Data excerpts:
BEGIN
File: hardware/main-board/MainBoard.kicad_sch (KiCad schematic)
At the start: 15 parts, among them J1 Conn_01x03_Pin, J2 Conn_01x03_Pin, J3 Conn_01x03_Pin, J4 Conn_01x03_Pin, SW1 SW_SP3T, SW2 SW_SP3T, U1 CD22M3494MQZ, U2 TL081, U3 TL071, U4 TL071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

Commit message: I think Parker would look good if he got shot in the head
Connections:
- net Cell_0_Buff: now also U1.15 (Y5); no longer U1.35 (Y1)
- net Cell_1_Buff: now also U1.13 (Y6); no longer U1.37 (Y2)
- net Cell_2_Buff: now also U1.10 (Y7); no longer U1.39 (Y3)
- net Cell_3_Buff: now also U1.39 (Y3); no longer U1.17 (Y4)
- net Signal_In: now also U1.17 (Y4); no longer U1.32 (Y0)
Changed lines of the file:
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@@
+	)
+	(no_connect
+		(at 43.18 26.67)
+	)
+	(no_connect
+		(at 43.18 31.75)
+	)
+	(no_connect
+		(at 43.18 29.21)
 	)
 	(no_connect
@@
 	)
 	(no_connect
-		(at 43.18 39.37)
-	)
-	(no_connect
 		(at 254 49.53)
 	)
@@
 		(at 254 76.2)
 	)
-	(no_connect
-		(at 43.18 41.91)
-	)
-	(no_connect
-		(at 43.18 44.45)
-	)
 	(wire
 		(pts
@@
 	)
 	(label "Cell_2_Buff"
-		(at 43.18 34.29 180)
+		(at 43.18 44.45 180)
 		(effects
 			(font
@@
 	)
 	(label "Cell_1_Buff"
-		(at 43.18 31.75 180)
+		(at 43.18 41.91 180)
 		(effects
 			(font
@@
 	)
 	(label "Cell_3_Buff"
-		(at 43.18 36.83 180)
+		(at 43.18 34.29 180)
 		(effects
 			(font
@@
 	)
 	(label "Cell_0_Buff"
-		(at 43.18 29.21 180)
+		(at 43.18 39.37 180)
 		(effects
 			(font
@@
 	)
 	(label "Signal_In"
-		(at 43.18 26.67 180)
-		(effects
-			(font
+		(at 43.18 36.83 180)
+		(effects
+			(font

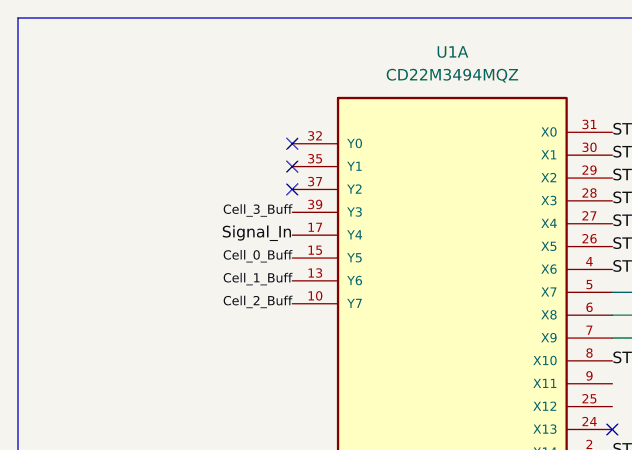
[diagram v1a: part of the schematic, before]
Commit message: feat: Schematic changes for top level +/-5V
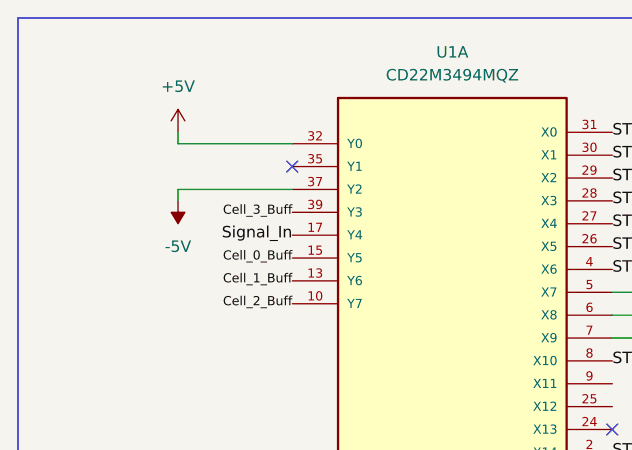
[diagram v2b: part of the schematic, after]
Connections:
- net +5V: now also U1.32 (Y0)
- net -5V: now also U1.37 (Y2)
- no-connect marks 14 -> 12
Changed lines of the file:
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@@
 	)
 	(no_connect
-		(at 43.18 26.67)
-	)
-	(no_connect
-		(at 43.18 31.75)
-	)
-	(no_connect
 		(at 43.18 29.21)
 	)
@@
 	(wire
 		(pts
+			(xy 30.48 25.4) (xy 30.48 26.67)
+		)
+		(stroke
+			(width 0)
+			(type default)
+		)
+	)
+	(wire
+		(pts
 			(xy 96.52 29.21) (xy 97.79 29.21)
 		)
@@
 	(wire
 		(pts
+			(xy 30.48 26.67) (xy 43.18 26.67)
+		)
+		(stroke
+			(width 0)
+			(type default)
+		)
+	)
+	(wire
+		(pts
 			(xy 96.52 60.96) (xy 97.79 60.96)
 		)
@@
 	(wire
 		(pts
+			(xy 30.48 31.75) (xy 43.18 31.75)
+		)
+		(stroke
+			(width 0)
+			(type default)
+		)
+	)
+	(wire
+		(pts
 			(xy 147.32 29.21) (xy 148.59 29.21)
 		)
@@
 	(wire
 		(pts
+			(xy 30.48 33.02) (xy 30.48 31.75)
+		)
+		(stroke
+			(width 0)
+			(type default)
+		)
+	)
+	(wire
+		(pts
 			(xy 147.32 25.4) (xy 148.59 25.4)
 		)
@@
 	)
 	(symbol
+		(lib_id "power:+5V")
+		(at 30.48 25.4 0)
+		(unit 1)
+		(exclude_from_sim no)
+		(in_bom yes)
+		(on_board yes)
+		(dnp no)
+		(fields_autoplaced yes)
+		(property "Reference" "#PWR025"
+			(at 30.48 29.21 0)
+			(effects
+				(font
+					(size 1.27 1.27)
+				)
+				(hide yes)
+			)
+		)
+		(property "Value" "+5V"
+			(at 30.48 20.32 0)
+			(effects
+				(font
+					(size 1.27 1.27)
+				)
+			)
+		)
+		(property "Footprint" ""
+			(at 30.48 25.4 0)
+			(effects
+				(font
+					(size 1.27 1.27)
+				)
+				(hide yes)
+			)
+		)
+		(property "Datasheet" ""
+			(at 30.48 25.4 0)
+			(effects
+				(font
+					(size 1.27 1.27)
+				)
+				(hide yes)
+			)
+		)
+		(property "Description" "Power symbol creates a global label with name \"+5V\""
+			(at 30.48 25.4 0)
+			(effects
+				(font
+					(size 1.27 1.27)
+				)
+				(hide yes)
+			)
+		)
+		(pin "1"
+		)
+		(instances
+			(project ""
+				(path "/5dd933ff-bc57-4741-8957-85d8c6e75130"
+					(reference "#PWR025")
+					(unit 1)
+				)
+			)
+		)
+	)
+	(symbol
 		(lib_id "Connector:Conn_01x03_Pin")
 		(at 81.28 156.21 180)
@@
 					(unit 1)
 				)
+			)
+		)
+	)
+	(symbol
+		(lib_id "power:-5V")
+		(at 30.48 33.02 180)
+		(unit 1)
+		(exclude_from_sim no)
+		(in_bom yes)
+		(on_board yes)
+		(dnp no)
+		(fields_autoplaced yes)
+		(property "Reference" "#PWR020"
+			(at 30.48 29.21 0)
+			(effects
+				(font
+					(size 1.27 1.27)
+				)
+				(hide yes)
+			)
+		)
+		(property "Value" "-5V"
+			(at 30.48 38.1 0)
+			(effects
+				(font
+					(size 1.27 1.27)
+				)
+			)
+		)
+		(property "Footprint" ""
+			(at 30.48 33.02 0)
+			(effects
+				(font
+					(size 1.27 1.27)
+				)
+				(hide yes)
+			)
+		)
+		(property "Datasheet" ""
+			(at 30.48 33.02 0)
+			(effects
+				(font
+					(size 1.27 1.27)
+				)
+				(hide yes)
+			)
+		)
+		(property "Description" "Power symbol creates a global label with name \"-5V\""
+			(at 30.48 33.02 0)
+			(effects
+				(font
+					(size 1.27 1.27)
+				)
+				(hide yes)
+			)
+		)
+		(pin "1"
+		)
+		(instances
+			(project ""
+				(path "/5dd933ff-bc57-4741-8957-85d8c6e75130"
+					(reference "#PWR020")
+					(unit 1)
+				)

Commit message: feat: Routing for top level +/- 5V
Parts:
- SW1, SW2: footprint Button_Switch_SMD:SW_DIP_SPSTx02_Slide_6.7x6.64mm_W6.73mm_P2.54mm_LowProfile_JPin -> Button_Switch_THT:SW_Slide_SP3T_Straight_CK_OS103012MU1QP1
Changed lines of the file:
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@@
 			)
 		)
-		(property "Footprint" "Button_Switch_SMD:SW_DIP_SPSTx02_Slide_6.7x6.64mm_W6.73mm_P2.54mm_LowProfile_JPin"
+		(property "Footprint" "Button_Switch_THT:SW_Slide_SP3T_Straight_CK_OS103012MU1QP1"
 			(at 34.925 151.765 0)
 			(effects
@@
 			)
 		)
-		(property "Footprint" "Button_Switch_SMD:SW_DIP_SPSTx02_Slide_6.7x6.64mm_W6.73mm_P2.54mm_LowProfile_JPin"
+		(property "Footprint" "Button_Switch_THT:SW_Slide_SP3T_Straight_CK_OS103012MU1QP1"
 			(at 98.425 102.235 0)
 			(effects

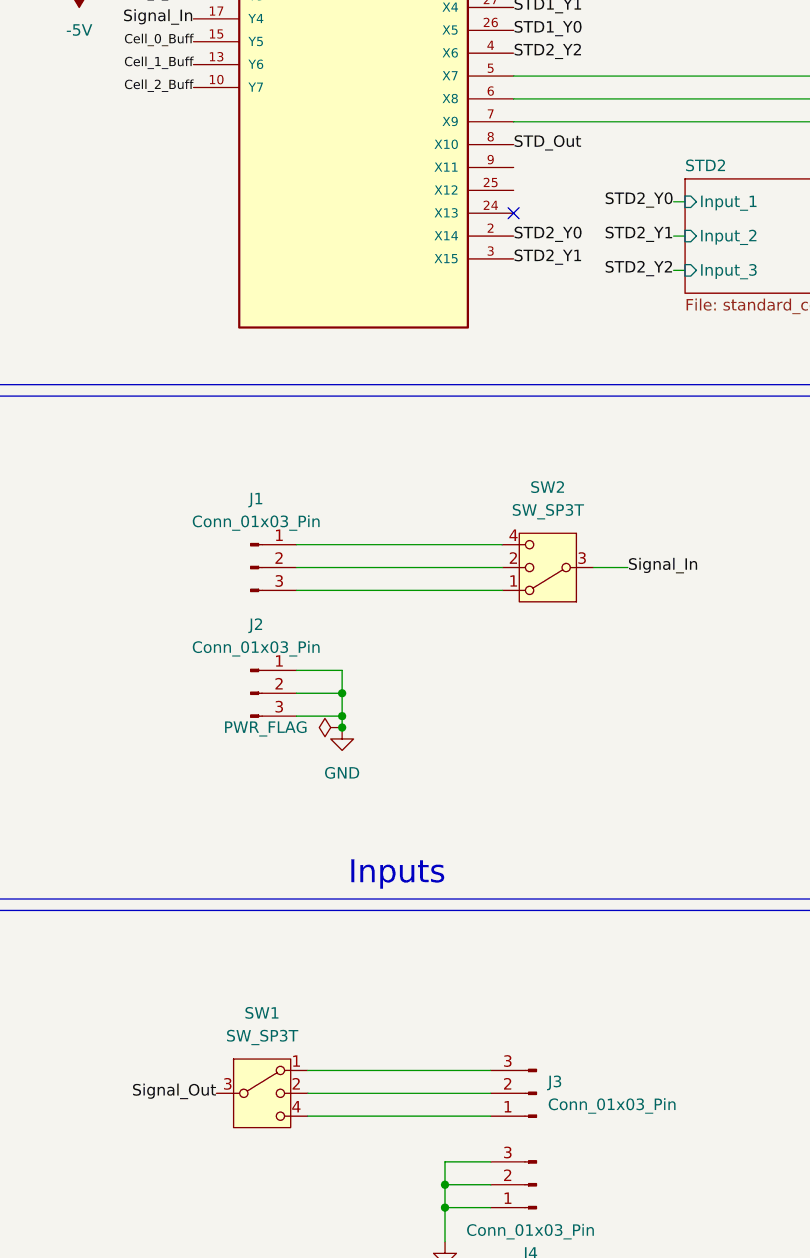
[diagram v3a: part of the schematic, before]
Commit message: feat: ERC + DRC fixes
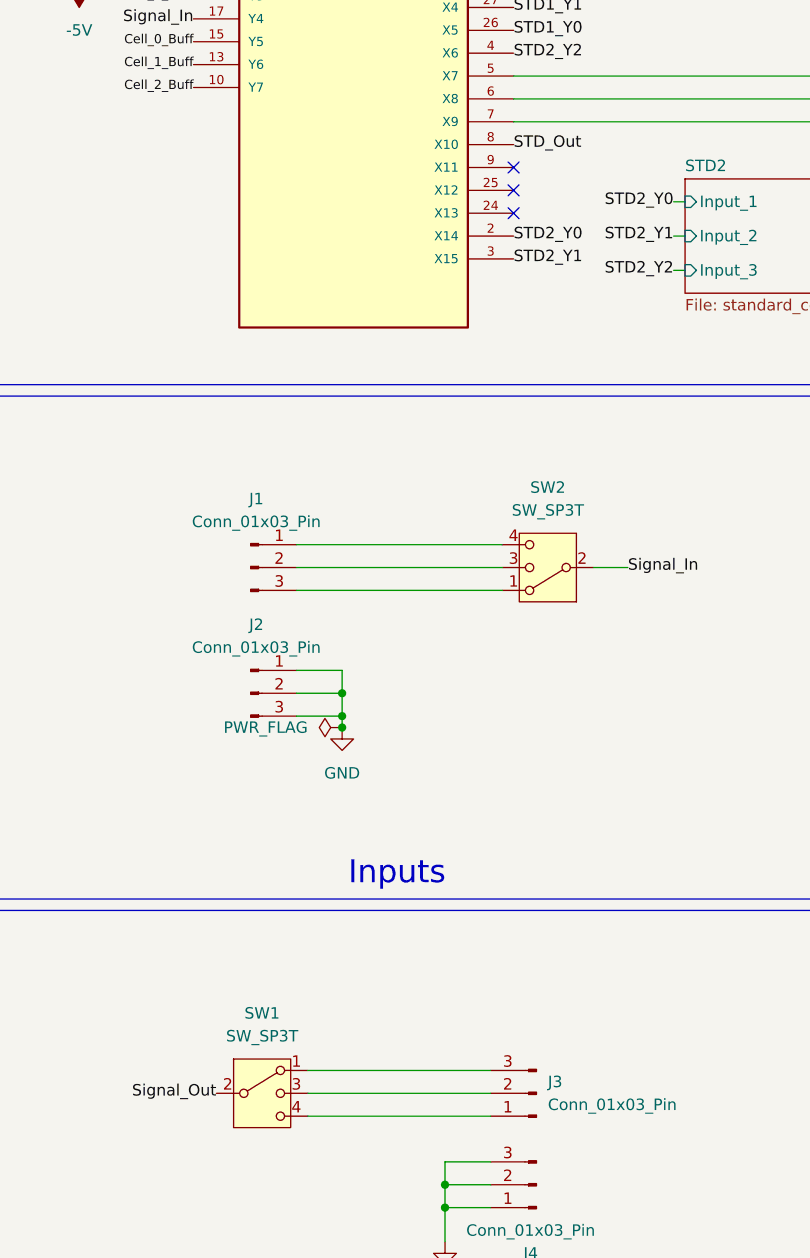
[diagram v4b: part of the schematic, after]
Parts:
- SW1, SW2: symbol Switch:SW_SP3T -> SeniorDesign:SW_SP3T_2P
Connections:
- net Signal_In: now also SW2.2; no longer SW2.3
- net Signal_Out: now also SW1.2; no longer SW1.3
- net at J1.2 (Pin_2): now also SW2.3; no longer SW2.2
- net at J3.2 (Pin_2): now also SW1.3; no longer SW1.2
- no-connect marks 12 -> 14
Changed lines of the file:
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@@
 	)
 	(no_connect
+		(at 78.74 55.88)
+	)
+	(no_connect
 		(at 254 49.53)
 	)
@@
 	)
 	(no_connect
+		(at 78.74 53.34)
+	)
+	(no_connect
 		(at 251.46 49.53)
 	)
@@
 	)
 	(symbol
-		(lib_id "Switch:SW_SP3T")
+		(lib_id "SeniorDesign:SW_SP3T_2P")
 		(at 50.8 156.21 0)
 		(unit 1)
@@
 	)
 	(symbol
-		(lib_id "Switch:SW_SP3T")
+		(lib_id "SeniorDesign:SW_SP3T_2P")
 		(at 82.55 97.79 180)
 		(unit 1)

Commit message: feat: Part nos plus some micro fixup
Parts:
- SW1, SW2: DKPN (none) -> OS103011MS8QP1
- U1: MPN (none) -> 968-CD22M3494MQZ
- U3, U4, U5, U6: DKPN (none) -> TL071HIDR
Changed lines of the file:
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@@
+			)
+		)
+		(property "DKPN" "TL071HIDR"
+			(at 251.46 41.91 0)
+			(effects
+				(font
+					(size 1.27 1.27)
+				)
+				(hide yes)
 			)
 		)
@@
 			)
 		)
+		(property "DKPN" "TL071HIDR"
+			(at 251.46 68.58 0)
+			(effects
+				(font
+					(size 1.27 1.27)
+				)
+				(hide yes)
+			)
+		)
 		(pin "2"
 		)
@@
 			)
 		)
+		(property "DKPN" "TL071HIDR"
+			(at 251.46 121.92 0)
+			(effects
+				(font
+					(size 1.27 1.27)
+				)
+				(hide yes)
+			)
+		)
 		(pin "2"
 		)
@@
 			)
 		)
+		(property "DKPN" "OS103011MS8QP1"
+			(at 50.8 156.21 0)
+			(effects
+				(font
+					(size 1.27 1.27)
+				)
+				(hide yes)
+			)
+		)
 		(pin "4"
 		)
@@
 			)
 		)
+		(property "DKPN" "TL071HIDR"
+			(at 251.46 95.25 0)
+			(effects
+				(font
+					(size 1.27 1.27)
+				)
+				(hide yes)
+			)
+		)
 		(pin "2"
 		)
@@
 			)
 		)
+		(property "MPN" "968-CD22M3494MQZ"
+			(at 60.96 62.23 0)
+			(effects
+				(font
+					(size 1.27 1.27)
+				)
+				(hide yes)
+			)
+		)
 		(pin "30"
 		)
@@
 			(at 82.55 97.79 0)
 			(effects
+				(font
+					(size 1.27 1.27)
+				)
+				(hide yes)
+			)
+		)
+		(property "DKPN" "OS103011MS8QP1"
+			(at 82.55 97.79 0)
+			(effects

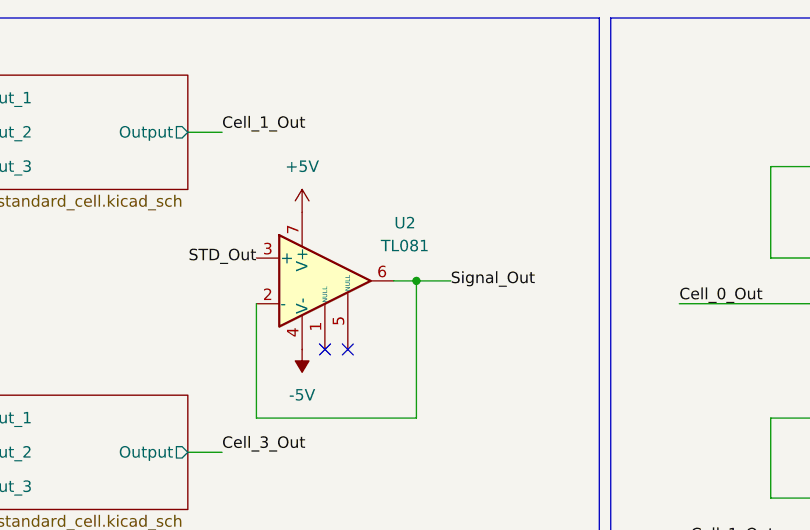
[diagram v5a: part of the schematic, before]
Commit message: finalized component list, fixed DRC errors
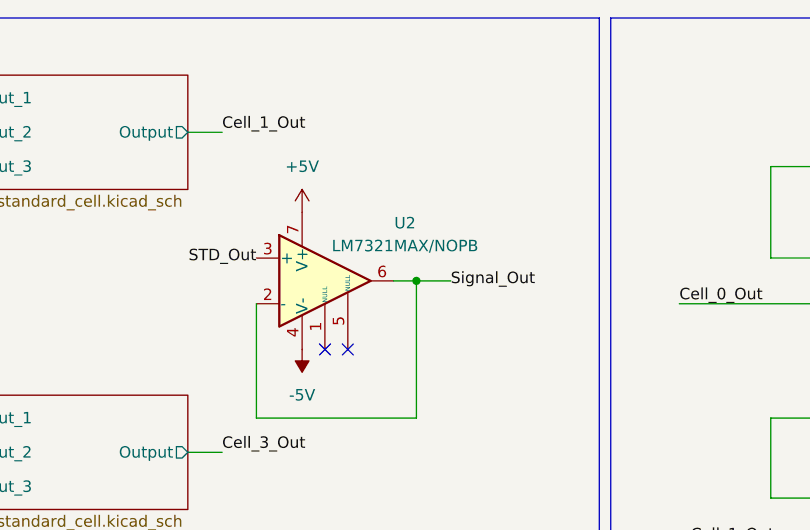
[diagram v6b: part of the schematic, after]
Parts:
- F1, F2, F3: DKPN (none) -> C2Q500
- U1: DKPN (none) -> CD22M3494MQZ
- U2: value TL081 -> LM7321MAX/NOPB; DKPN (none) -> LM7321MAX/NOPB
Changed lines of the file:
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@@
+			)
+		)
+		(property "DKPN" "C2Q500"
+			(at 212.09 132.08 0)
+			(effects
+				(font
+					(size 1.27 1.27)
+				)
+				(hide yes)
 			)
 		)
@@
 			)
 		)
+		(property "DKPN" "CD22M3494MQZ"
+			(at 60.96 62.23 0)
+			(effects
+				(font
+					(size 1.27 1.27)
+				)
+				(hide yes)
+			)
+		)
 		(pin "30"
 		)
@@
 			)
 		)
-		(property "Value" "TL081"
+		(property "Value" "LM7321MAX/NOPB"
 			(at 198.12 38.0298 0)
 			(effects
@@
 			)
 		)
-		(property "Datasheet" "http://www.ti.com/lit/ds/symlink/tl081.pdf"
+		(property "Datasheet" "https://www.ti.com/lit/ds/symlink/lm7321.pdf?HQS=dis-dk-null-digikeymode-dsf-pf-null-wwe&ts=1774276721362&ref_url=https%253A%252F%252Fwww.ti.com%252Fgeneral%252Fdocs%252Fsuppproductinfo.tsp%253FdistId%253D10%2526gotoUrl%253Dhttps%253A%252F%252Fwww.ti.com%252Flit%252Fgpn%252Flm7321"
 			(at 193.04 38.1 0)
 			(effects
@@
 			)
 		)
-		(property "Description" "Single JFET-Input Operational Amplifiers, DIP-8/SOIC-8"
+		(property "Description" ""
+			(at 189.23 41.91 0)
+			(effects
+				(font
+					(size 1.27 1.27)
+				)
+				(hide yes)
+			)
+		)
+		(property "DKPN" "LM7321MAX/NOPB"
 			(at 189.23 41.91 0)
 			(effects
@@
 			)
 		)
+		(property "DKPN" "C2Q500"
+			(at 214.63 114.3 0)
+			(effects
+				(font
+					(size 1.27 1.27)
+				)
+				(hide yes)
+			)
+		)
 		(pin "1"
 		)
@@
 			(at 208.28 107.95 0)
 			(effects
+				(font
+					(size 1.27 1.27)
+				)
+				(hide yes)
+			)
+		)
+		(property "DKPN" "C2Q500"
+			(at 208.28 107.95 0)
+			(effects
END
### PROMPT
Say how many lines of the data above have the string "diagram" in them, and write nothing besides that number.

### RESPONSE AREA
6